Minimally invasive restorative treatments that preserve tooth structure are increasingly popular due to reduced biological impact. Successful outcomes depend not only on dentists' clinical skills but also on the fabrication of ultra-thin dental prostheses with material properties that meet clinical requirements. Computer Aided Manufacturing (CAM) such as Computerized Numerical Control (CNC) milling of lithium silicate or zirconia blocks, improve fabrication efficiency; however material constraints persist. Zirconia milling can induce micro-defects [1], [2], while lithium silicate requires wet grinding with diamond burs. According to the user guides for Zenostar and IPS e.max CAD, both materials require a minimum thickness of ≥ 0.4 mm for reliable machining.
Additive manufacturing (AM) enables the fabrication of ultrathin geometries (0.1–0.2 mm) [3], [4], [5], but glass-ceramics (e.g., lithium disilicate, ∼300–500 MPa strength) are at risk of long-term fracture [6]. Although AM zirconia offers superior mechanical properties (flexural strength ≥800 MPa, fracture toughness 5–10 MPa·m1/2) [7], it faces challenges related to dimensional accuracy for restorations thinner than 0.3 mm [5]. A new hybrid CAM product, the self-glazed zirconia ultra-thin veneer has also reported successful clinical applications; however its thickness is still limited to approximately 0.2–0.3 mm [8], [9].
Despite advances in Digital Light Processing (DLP) 3D printing enables possible fabrication of ultra-thin zirconia restorations (∼0.1 mm), clinical translation remains limited by a combination of interrelated accuracy factors across the entire process. These include:1.Light-scattering artifacts: Particle-induced scattering during photopolymerization broadens cured features, particularly in sub-300 μm structures [10];
2.Warpage during printing: The conversion of photosensitive monomers during polymerization leads to warpage ranging from 0.075 mm to 0.225 mm [11];
3.Support structure limitations: Gravity-induced deformation of unsupported overhangs increases marginal gaps by 33 % (from 33.2 μm to 44.2μm) [12].
4.Equipment constraints: High-resolution DLP systems (≤25μm pixels) achieve submillimeter precision [10], but the printing area is limited to 38.4 mm × 21.6 mm (for 1920 × 1080 pixels), restricting capacity to just 5–8 dental crowns per build.

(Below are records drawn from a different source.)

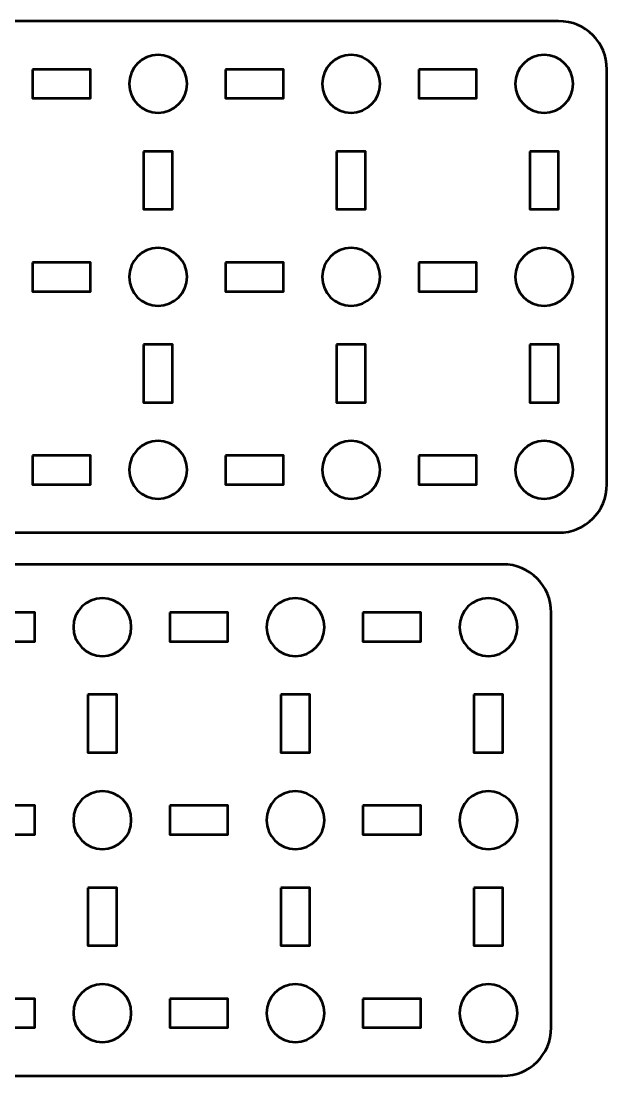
# Model space of a CAD drawing. Header units: centimetres. Extents: x -64.7 to 31.2, y -38.5 to 7.
# Drawn here: x -58.92 to -52.85, y -23.13 to -12.2 of the extents above; entities that cross this region are included whole.
import ezdxf

# ---------------------------------------------------------------- set-up
doc = ezdxf.new("R2010")
doc.units = ezdxf.units.CM
doc.header["$MEASUREMENT"] = 0
doc.layers.add('Layer 1', color=7, linetype='Continuous')

msp = doc.modelspace()

# ---------------------------------------------------------------- linework, layer by layer
at = {"layer": 'Layer 1', "lineweight": 53}
for points, knots in [([(-61.64995, -12.19998), (-61.64995, -12.19998), (-53.35005, -12.19998), (-53.35005, -12.19998), (-53.35005, -12.19998), (-53.07305, -12.19998), (-52.84995, -12.42307), (-52.84995, -12.70007), (-52.84995, -12.70007), (-52.84995, -12.70007), (-52.84995, -16.99993), (-52.84995, -16.99993), (-52.84995, -16.99993), (-52.84995, -17.27707), (-53.07305, -17.50003), (-53.35005, -17.50003), (-53.35005, -17.50003), (-53.35005, -17.50003), (-61.64995, -17.50003), (-61.64995, -17.50003), (-61.64995, -17.50003), (-61.92695, -17.50003), (-62.15005, -17.27707), (-62.15005, -16.99993), (-62.15005, -16.99993), (-62.15005, -16.99993), (-62.15005, -12.70007), (-62.15005, -12.70007), (-62.15005, -12.70007), (-62.15005, -12.42307), (-61.92695, -12.19998), (-61.64995, -12.19998)], [0, 0, 0, 0, 0.125, 0.125, 0.125, 0.125, 0.25, 0.25, 0.25, 0.25, 0.375, 0.375, 0.375, 0.375, 0.5, 0.5, 0.5, 0.5, 0.625, 0.625, 0.625, 0.625, 0.75, 0.75, 0.75, 0.75, 0.875, 0.875, 0.875, 0.875, 1, 1, 1, 1]), ([(-57.20002, -12.85001), (-57.20002, -13.01578), (-57.33436, -13.15001), (-57.50001, -13.15001), (-57.50001, -13.15001), (-57.66564, -13.15001), (-57.80002, -13.01578), (-57.80002, -12.85001), (-57.80002, -12.85001), (-57.80002, -12.68434), (-57.66564, -12.55), (-57.50001, -12.55), (-57.50001, -12.55), (-57.33436, -12.55), (-57.20002, -12.68434), (-57.20002, -12.85001)], [0, 0, 0, 0, 0.25, 0.25, 0.25, 0.25, 0.5, 0.5, 0.5, 0.5, 0.75, 0.75, 0.75, 0.75, 1, 1, 1, 1]), ([(-55.20005, -12.85001), (-55.20005, -13.01578), (-55.33429, -13.15001), (-55.50006, -13.15001), (-55.50006, -13.15001), (-55.66572, -13.15001), (-55.80006, -13.01578), (-55.80006, -12.85001), (-55.80006, -12.85001), (-55.80006, -12.68434), (-55.66572, -12.55), (-55.50006, -12.55), (-55.50006, -12.55), (-55.33429, -12.55), (-55.20005, -12.68434), (-55.20005, -12.85001)], [0, 0, 0, 0, 0.25, 0.25, 0.25, 0.25, 0.5, 0.5, 0.5, 0.5, 0.75, 0.75, 0.75, 0.75, 1, 1, 1, 1]), ([(-53.19998, -12.85001), (-53.19998, -13.01578), (-53.33435, -13.15001), (-53.49998, -13.15001), (-53.49998, -13.15001), (-53.66575, -13.15001), (-53.79998, -13.01578), (-53.79998, -12.85001), (-53.79998, -12.85001), (-53.79998, -12.68434), (-53.66575, -12.55), (-53.49998, -12.55), (-53.49998, -12.55), (-53.33435, -12.55), (-53.19998, -12.68434), (-53.19998, -12.85001)], [0, 0, 0, 0, 0.25, 0.25, 0.25, 0.25, 0.5, 0.5, 0.5, 0.5, 0.75, 0.75, 0.75, 0.75, 1, 1, 1, 1]), ([(-58.80004, -12.70007), (-58.80004, -12.70007), (-58.20003, -12.70007), (-58.20003, -12.70007), (-58.20003, -12.70007), (-58.20003, -12.70007), (-58.20003, -13.00008), (-58.20003, -13.00008), (-58.20003, -13.00008), (-58.20003, -13.00008), (-58.80004, -13.00008), (-58.80004, -13.00008), (-58.80004, -13.00008), (-58.80004, -13.00008), (-58.80004, -12.70007), (-58.80004, -12.70007)], [0, 0, 0, 0, 0.25, 0.25, 0.25, 0.25, 0.5, 0.5, 0.5, 0.5, 0.75, 0.75, 0.75, 0.75, 1, 1, 1, 1]), ([(-56.79997, -12.70007), (-56.79997, -12.70007), (-56.19997, -12.70007), (-56.19997, -12.70007), (-56.19997, -12.70007), (-56.19997, -12.70007), (-56.19997, -13.00008), (-56.19997, -13.00008), (-56.19997, -13.00008), (-56.19997, -13.00008), (-56.79997, -13.00008), (-56.79997, -13.00008), (-56.79997, -13.00008), (-56.79997, -13.00008), (-56.79997, -12.70007), (-56.79997, -12.70007)], [0, 0, 0, 0, 0.25, 0.25, 0.25, 0.25, 0.5, 0.5, 0.5, 0.5, 0.75, 0.75, 0.75, 0.75, 1, 1, 1, 1]), ([(-54.8, -12.70007), (-54.8, -12.70007), (-54.2, -12.70007), (-54.2, -12.70007), (-54.2, -12.70007), (-54.2, -12.70007), (-54.2, -13.00008), (-54.2, -13.00008), (-54.2, -13.00008), (-54.2, -13.00008), (-54.8, -13.00008), (-54.8, -13.00008), (-54.8, -13.00008), (-54.8, -13.00008), (-54.8, -12.70007), (-54.8, -12.70007)], [0, 0, 0, 0, 0.25, 0.25, 0.25, 0.25, 0.5, 0.5, 0.5, 0.5, 0.75, 0.75, 0.75, 0.75, 1, 1, 1, 1]), ([(-57.65009, -13.55002), (-57.65009, -13.55002), (-57.35009, -13.55002), (-57.35009, -13.55002), (-57.35009, -13.55002), (-57.35009, -13.55002), (-57.35009, -14.15003), (-57.35009, -14.15003), (-57.35009, -14.15003), (-57.35009, -14.15003), (-57.65009, -14.15003), (-57.65009, -14.15003), (-57.65009, -14.15003), (-57.65009, -14.15003), (-57.65009, -13.55002), (-57.65009, -13.55002)], [0, 0, 0, 0, 0.25, 0.25, 0.25, 0.25, 0.5, 0.5, 0.5, 0.5, 0.75, 0.75, 0.75, 0.75, 1, 1, 1, 1]), ([(-55.64999, -13.55002), (-55.64999, -13.55002), (-55.34998, -13.55002), (-55.34998, -13.55002), (-55.34998, -13.55002), (-55.34998, -13.55002), (-55.34998, -14.15003), (-55.34998, -14.15003), (-55.34998, -14.15003), (-55.34998, -14.15003), (-55.64999, -14.15003), (-55.64999, -14.15003), (-55.64999, -14.15003), (-55.64999, -14.15003), (-55.64999, -13.55002), (-55.64999, -13.55002)], [0, 0, 0, 0, 0.25, 0.25, 0.25, 0.25, 0.5, 0.5, 0.5, 0.5, 0.75, 0.75, 0.75, 0.75, 1, 1, 1, 1]), ([(-53.65005, -13.55002), (-53.65005, -13.55002), (-53.35005, -13.55002), (-53.35005, -13.55002), (-53.35005, -13.55002), (-53.35005, -13.55002), (-53.35005, -14.15003), (-53.35005, -14.15003), (-53.35005, -14.15003), (-53.35005, -14.15003), (-53.65005, -14.15003), (-53.65005, -14.15003), (-53.65005, -14.15003), (-53.65005, -14.15003), (-53.65005, -13.55002), (-53.65005, -13.55002)], [0, 0, 0, 0, 0.25, 0.25, 0.25, 0.25, 0.5, 0.5, 0.5, 0.5, 0.75, 0.75, 0.75, 0.75, 1, 1, 1, 1]), ([(-57.20002, -14.85008), (-57.20002, -15.01571), (-57.33436, -15.15008), (-57.50001, -15.15008), (-57.50001, -15.15008), (-57.66564, -15.15008), (-57.80002, -15.01571), (-57.80002, -14.85008), (-57.80002, -14.85008), (-57.80002, -14.68431), (-57.66564, -14.55008), (-57.50001, -14.55008), (-57.50001, -14.55008), (-57.33436, -14.55008), (-57.20002, -14.68431), (-57.20002, -14.85008)], [0, 0, 0, 0, 0.25, 0.25, 0.25, 0.25, 0.5, 0.5, 0.5, 0.5, 0.75, 0.75, 0.75, 0.75, 1, 1, 1, 1]), ([(-55.20005, -14.85008), (-55.20005, -15.01571), (-55.33429, -15.15008), (-55.50006, -15.15008), (-55.50006, -15.15008), (-55.66572, -15.15008), (-55.80006, -15.01571), (-55.80006, -14.85008), (-55.80006, -14.85008), (-55.80006, -14.68431), (-55.66572, -14.55008), (-55.50006, -14.55008), (-55.50006, -14.55008), (-55.33429, -14.55008), (-55.20005, -14.68431), (-55.20005, -14.85008)], [0, 0, 0, 0, 0.25, 0.25, 0.25, 0.25, 0.5, 0.5, 0.5, 0.5, 0.75, 0.75, 0.75, 0.75, 1, 1, 1, 1]), ([(-53.19998, -14.85008), (-53.19998, -15.01571), (-53.33435, -15.15008), (-53.49998, -15.15008), (-53.49998, -15.15008), (-53.66575, -15.15008), (-53.79998, -15.01571), (-53.79998, -14.85008), (-53.79998, -14.85008), (-53.79998, -14.68431), (-53.66575, -14.55008), (-53.49998, -14.55008), (-53.49998, -14.55008), (-53.33435, -14.55008), (-53.19998, -14.68431), (-53.19998, -14.85008)], [0, 0, 0, 0, 0.25, 0.25, 0.25, 0.25, 0.5, 0.5, 0.5, 0.5, 0.75, 0.75, 0.75, 0.75, 1, 1, 1, 1]), ([(-58.80004, -14.70001), (-58.80004, -14.70001), (-58.20003, -14.70001), (-58.20003, -14.70001), (-58.20003, -14.70001), (-58.20003, -14.70001), (-58.20003, -15.00001), (-58.20003, -15.00001), (-58.20003, -15.00001), (-58.20003, -15.00001), (-58.80004, -15.00001), (-58.80004, -15.00001), (-58.80004, -15.00001), (-58.80004, -15.00001), (-58.80004, -14.70001), (-58.80004, -14.70001)], [0, 0, 0, 0, 0.25, 0.25, 0.25, 0.25, 0.5, 0.5, 0.5, 0.5, 0.75, 0.75, 0.75, 0.75, 1, 1, 1, 1]), ([(-56.79997, -14.70001), (-56.79997, -14.70001), (-56.19997, -14.70001), (-56.19997, -14.70001), (-56.19997, -14.70001), (-56.19997, -14.70001), (-56.19997, -15.00001), (-56.19997, -15.00001), (-56.19997, -15.00001), (-56.19997, -15.00001), (-56.79997, -15.00001), (-56.79997, -15.00001), (-56.79997, -15.00001), (-56.79997, -15.00001), (-56.79997, -14.70001), (-56.79997, -14.70001)], [0, 0, 0, 0, 0.25, 0.25, 0.25, 0.25, 0.5, 0.5, 0.5, 0.5, 0.75, 0.75, 0.75, 0.75, 1, 1, 1, 1]), ([(-54.8, -14.70001), (-54.8, -14.70001), (-54.2, -14.70001), (-54.2, -14.70001), (-54.2, -14.70001), (-54.2, -14.70001), (-54.2, -15.00001), (-54.2, -15.00001), (-54.2, -15.00001), (-54.2, -15.00001), (-54.8, -15.00001), (-54.8, -15.00001), (-54.8, -15.00001), (-54.8, -15.00001), (-54.8, -14.70001), (-54.8, -14.70001)], [0, 0, 0, 0, 0.25, 0.25, 0.25, 0.25, 0.5, 0.5, 0.5, 0.5, 0.75, 0.75, 0.75, 0.75, 1, 1, 1, 1]), ([(-57.65009, -15.54999), (-57.65009, -15.54999), (-57.35009, -15.54999), (-57.35009, -15.54999), (-57.35009, -15.54999), (-57.35009, -15.54999), (-57.35009, -16.14999), (-57.35009, -16.14999), (-57.35009, -16.14999), (-57.35009, -16.14999), (-57.65009, -16.14999), (-57.65009, -16.14999), (-57.65009, -16.14999), (-57.65009, -16.14999), (-57.65009, -15.54999), (-57.65009, -15.54999)], [0, 0, 0, 0, 0.25, 0.25, 0.25, 0.25, 0.5, 0.5, 0.5, 0.5, 0.75, 0.75, 0.75, 0.75, 1, 1, 1, 1]), ([(-55.64999, -15.54999), (-55.64999, -15.54999), (-55.34998, -15.54999), (-55.34998, -15.54999), (-55.34998, -15.54999), (-55.34998, -15.54999), (-55.34998, -16.14999), (-55.34998, -16.14999), (-55.34998, -16.14999), (-55.34998, -16.14999), (-55.64999, -16.14999), (-55.64999, -16.14999), (-55.64999, -16.14999), (-55.64999, -16.14999), (-55.64999, -15.54999), (-55.64999, -15.54999)], [0, 0, 0, 0, 0.25, 0.25, 0.25, 0.25, 0.5, 0.5, 0.5, 0.5, 0.75, 0.75, 0.75, 0.75, 1, 1, 1, 1]), ([(-53.65005, -15.54999), (-53.65005, -15.54999), (-53.35005, -15.54999), (-53.35005, -15.54999), (-53.35005, -15.54999), (-53.35005, -15.54999), (-53.35005, -16.14999), (-53.35005, -16.14999), (-53.35005, -16.14999), (-53.35005, -16.14999), (-53.65005, -16.14999), (-53.65005, -16.14999), (-53.65005, -16.14999), (-53.65005, -16.14999), (-53.65005, -15.54999), (-53.65005, -15.54999)], [0, 0, 0, 0, 0.25, 0.25, 0.25, 0.25, 0.5, 0.5, 0.5, 0.5, 0.75, 0.75, 0.75, 0.75, 1, 1, 1, 1]), ([(-57.20002, -16.85001), (-57.20002, -17.01567), (-57.33436, -17.15), (-57.50001, -17.15), (-57.50001, -17.15), (-57.66564, -17.15), (-57.80002, -17.01567), (-57.80002, -16.85001), (-57.80002, -16.85001), (-57.80002, -16.68438), (-57.66564, -16.55001), (-57.50001, -16.55001), (-57.50001, -16.55001), (-57.33436, -16.55001), (-57.20002, -16.68438), (-57.20002, -16.85001)], [0, 0, 0, 0, 0.25, 0.25, 0.25, 0.25, 0.5, 0.5, 0.5, 0.5, 0.75, 0.75, 0.75, 0.75, 1, 1, 1, 1]), ([(-55.20005, -16.85001), (-55.20005, -17.01567), (-55.33429, -17.15), (-55.50006, -17.15), (-55.50006, -17.15), (-55.66572, -17.15), (-55.80006, -17.01567), (-55.80006, -16.85001), (-55.80006, -16.85001), (-55.80006, -16.68438), (-55.66572, -16.55001), (-55.50006, -16.55001), (-55.50006, -16.55001), (-55.33429, -16.55001), (-55.20005, -16.68438), (-55.20005, -16.85001)], [0, 0, 0, 0, 0.25, 0.25, 0.25, 0.25, 0.5, 0.5, 0.5, 0.5, 0.75, 0.75, 0.75, 0.75, 1, 1, 1, 1]), ([(-53.19998, -16.85001), (-53.19998, -17.01567), (-53.33435, -17.15), (-53.49998, -17.15), (-53.49998, -17.15), (-53.66575, -17.15), (-53.79998, -17.01567), (-53.79998, -16.85001), (-53.79998, -16.85001), (-53.79998, -16.68438), (-53.66575, -16.55001), (-53.49998, -16.55001), (-53.49998, -16.55001), (-53.33435, -16.55001), (-53.19998, -16.68438), (-53.19998, -16.85001)], [0, 0, 0, 0, 0.25, 0.25, 0.25, 0.25, 0.5, 0.5, 0.5, 0.5, 0.75, 0.75, 0.75, 0.75, 1, 1, 1, 1]), ([(-58.80004, -16.69994), (-58.80004, -16.69994), (-58.20003, -16.69994), (-58.20003, -16.69994), (-58.20003, -16.69994), (-58.20003, -16.69994), (-58.20003, -16.99993), (-58.20003, -16.99993), (-58.20003, -16.99993), (-58.20003, -16.99993), (-58.80004, -16.99993), (-58.80004, -16.99993), (-58.80004, -16.99993), (-58.80004, -16.99993), (-58.80004, -16.69994), (-58.80004, -16.69994)], [0, 0, 0, 0, 0.25, 0.25, 0.25, 0.25, 0.5, 0.5, 0.5, 0.5, 0.75, 0.75, 0.75, 0.75, 1, 1, 1, 1]), ([(-56.79997, -16.69994), (-56.79997, -16.69994), (-56.19997, -16.69994), (-56.19997, -16.69994), (-56.19997, -16.69994), (-56.19997, -16.69994), (-56.19997, -16.99993), (-56.19997, -16.99993), (-56.19997, -16.99993), (-56.19997, -16.99993), (-56.79997, -16.99993), (-56.79997, -16.99993), (-56.79997, -16.99993), (-56.79997, -16.99993), (-56.79997, -16.69994), (-56.79997, -16.69994)], [0, 0, 0, 0, 0.25, 0.25, 0.25, 0.25, 0.5, 0.5, 0.5, 0.5, 0.75, 0.75, 0.75, 0.75, 1, 1, 1, 1]), ([(-54.8, -16.69994), (-54.8, -16.69994), (-54.2, -16.69994), (-54.2, -16.69994), (-54.2, -16.69994), (-54.2, -16.69994), (-54.2, -16.99993), (-54.2, -16.99993), (-54.2, -16.99993), (-54.2, -16.99993), (-54.8, -16.99993), (-54.8, -16.99993), (-54.8, -16.99993), (-54.8, -16.99993), (-54.8, -16.69994), (-54.8, -16.69994)], [0, 0, 0, 0, 0.25, 0.25, 0.25, 0.25, 0.5, 0.5, 0.5, 0.5, 0.75, 0.75, 0.75, 0.75, 1, 1, 1, 1]), ([(-64.22699, -17.82848), (-64.22699, -17.82848), (-53.92701, -17.82848), (-53.92701, -17.82848), (-53.92701, -17.82848), (-53.65001, -17.82848), (-53.42705, -18.05157), (-53.42705, -18.32857), (-53.42705, -18.32857), (-53.42705, -18.32857), (-53.42705, -22.62844), (-53.42705, -22.62844), (-53.42705, -22.62844), (-53.42705, -22.90558), (-53.65001, -23.12854), (-53.92701, -23.12854), (-53.92701, -23.12854), (-53.92701, -23.12854), (-64.22699, -23.12854), (-64.22699, -23.12854), (-64.22699, -23.12854), (-64.50399, -23.12854), (-64.72709, -22.90558), (-64.72709, -22.62844), (-64.72709, -22.62844), (-64.72709, -22.62844), (-64.72709, -18.32857), (-64.72709, -18.32857), (-64.72709, -18.32857), (-64.72709, -18.05157), (-64.50399, -17.82848), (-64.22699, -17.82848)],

Current research primarily focuses on isolated process parameters, such as optimizing slurry formulations or exposure settings to mitigate broadening effects and warpage during printing [10], [11], [13], [14], [15], refining support structure angles [16], or controlling sintering shrinkage through solid loading [17]. In addition, some studies investigate the placement angle of printed objects to reduce deformation [12]. However, few studies address the synergistic effects of full-process variables—from light-curing kinetics to post-sintering dimensional stability—on final prosthesis accuracy. This fragmented approach fails to establish clinically actionable standards, as evidenced by the wide variability in reported marginal gaps (22.8–140.4 μm) across DLP-printed zirconia crowns [18], [19], [20], [21], [22], highlighting the need for a comprehensive accuracy optimization framework.
To address this gap, this study systematically examines four critical yet understudied process control parameters that influence the dimensional fidelity of ultra-thin DLP printed zirconia dental prosthesis:1.Light curing performance: Quantifying resolution limits via cure depth (Cd) and lateral broadening (Wexc) models to optimize photopolymerization accuracy.
2.Support structure design: Establishing maximum allowable overhang angles through deformation mechanics to minimize unsupported structural distortion.
3.Sintering shrinkage control: Investigating asymmetric shrinkage variations between inner and outer surfaces to refine post-sintering precision.
4.Whole process-induced deformation: Controlling warpage from green-body formation to final sintered prostheses.
By systematically optimizing these process parameters, we demonstrate that DLP systems with a 70 μm resolution can successfully fabricate ultra-thin zirconia veneers (0.1 mm thickness) achieving < 60 μm root mean square (RMS) deviations in the intaglio area - equivalent to the precision of milled glass ceramics. These findings establish a validated framework for advancing AM zirconia restorations from laboratory prototypes to clinical-grade production.